## [Task prompt]
Would you reproduce exactly the lines below from the one holding "#2005 = LINE ( 'NONE', #7886, #21839 ) ;" through the one holding "#10636 = CARTESIAN_POINT", inclusive, and no others?

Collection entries
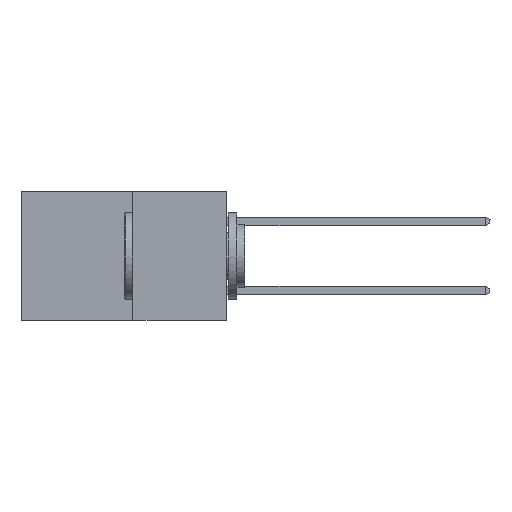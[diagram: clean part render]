
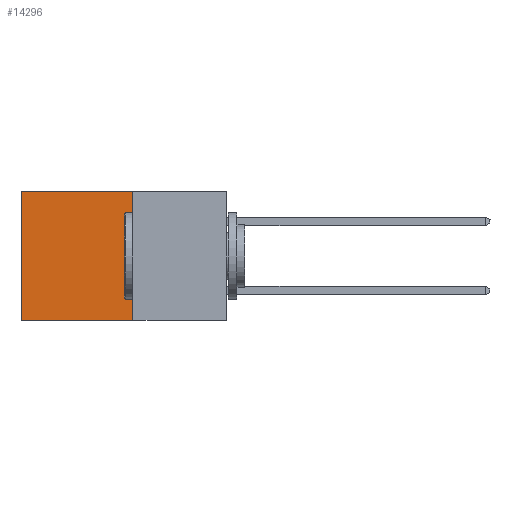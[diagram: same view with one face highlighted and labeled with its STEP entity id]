
A CAD part, left-side view. The second image highlights one B-rep face of the part: STEP entity #14296.
In plain terms, the highlighted planar face has unit normal (-1, 0, 0).
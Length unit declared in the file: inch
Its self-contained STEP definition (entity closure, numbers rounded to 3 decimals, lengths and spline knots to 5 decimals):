
#90 = EDGE_CURVE ( 'NONE', #16080, #15113, #21632, .T. ) ;
#498 = ORIENTED_EDGE ( 'NONE', *, *, #24265, .F. ) ;
#1027 = LINE ( 'NONE', #23710, #15828 ) ;
#1642 = VECTOR ( 'NONE', #2471, 39.37008 ) ;
#2005 = LINE ( 'NONE', #7886, #21839 ) ;
#2471 = DIRECTION ( 'NONE',  ( 0., 0., -1. ) ) ;
#4423 = ORIENTED_EDGE ( 'NONE', *, *, #4641, .F. ) ;
#4552 = DIRECTION ( 'NONE',  ( 1., 0., 0. ) ) ;
#4641 = EDGE_CURVE ( 'NONE', #19404, #5517, #2005, .T. ) ;
#5517 = VERTEX_POINT ( 'NONE', #8867 ) ;
#6444 = CARTESIAN_POINT ( 'NONE',  ( 0.277, 0.27, -0.37 ) ) ;
#6963 = FACE_OUTER_BOUND ( 'NONE', #24620, .T. ) ;
#7886 = CARTESIAN_POINT ( 'NONE',  ( 0.277, 0.27, -0.37 ) ) ;
#8581 = EDGE_CURVE ( 'NONE', #15113, #5517, #11320, .T. ) ;
#8867 = CARTESIAN_POINT ( 'NONE',  ( 0.277, 0.59, -0.37 ) ) ;
#9127 = DIRECTION ( 'NONE',  ( 0., 1., 0. ) ) ;
#10434 = DIRECTION ( 'NONE',  ( 0., 0., -1. ) ) ;
#10636 = CARTESIAN_POINT ( 'NONE',  ( 0.277, 0.59, 0. ) ) ;
#11318 = DIRECTION ( 'NONE',  ( 0., 1., 0. ) ) ;
#11320 = LINE ( 'NONE', #14044, #1642 ) ;
#12100 = AXIS2_PLACEMENT_3D ( 'NONE', #6444, #4552, #18038 ) ;
#12573 = ORIENTED_EDGE ( 'NONE', *, *, #90, .T. ) ;
#13160 = CARTESIAN_POINT ( 'NONE',  ( 0.277, 0.27, 0. ) ) ;
#13186 = CARTESIAN_POINT ( 'NONE',  ( 0.277, 0.27, -0.37 ) ) ;
#14044 = CARTESIAN_POINT ( 'NONE',  ( 0.277, 0.59, -0.37 ) ) ;
#14296 = ADVANCED_FACE ( 'NONE', ( #6963 ), #16118, .F. ) ;
#15113 = VERTEX_POINT ( 'NONE', #10636 ) ;
#15828 = VECTOR ( 'NONE', #10434, 39.37008 ) ;
#16080 = VERTEX_POINT ( 'NONE', #13160 ) ;
#16118 = PLANE ( 'NONE',  #12100 ) ;
#17201 = VECTOR ( 'NONE', #11318, 39.37008 ) ;
#18038 = DIRECTION ( 'NONE',  ( 0., 0., -1. ) ) ;
#18244 = CARTESIAN_POINT ( 'NONE',  ( 0.277, 0.27, 0. ) ) ;
#18591 = ORIENTED_EDGE ( 'NONE', *, *, #8581, .T. ) ;
#19404 = VERTEX_POINT ( 'NONE', #13186 ) ;
#21632 = LINE ( 'NONE', #18244, #17201 ) ;
#21839 = VECTOR ( 'NONE', #9127, 39.37008 ) ;
#23710 = CARTESIAN_POINT ( 'NONE',  ( 0.277, 0.27, -0.37 ) ) ;
#24265 = EDGE_CURVE ( 'NONE', #16080, #19404, #1027, .T. ) ;
#24620 = EDGE_LOOP ( 'NONE', ( #18591, #4423, #498, #12573 ) ) ;

## [Exercise result]
#2005 = LINE ( 'NONE', #7886, #21839 ) ;
#2471 = DIRECTION ( 'NONE',  ( 0., 0., -1. ) ) ;
#4423 = ORIENTED_EDGE ( 'NONE', *, *, #4641, .F. ) ;
#4552 = DIRECTION ( 'NONE',  ( 1., 0., 0. ) ) ;
#4641 = EDGE_CURVE ( 'NONE', #19404, #5517, #2005, .T. ) ;
#5517 = VERTEX_POINT ( 'NONE', #8867 ) ;
#6444 = CARTESIAN_POINT ( 'NONE',  ( 0.277, 0.27, -0.37 ) ) ;
#6963 = FACE_OUTER_BOUND ( 'NONE', #24620, .T. ) ;
#7886 = CARTESIAN_POINT ( 'NONE',  ( 0.277, 0.27, -0.37 ) ) ;
#8581 = EDGE_CURVE ( 'NONE', #15113, #5517, #11320, .T. ) ;
#8867 = CARTESIAN_POINT ( 'NONE',  ( 0.277, 0.59, -0.37 ) ) ;
#9127 = DIRECTION ( 'NONE',  ( 0., 1., 0. ) ) ;
#10434 = DIRECTION ( 'NONE',  ( 0., 0., -1. ) ) ;
#10636 = CARTESIAN_POINT ( 'NONE',  ( 0.277, 0.59, 0. ) ) ;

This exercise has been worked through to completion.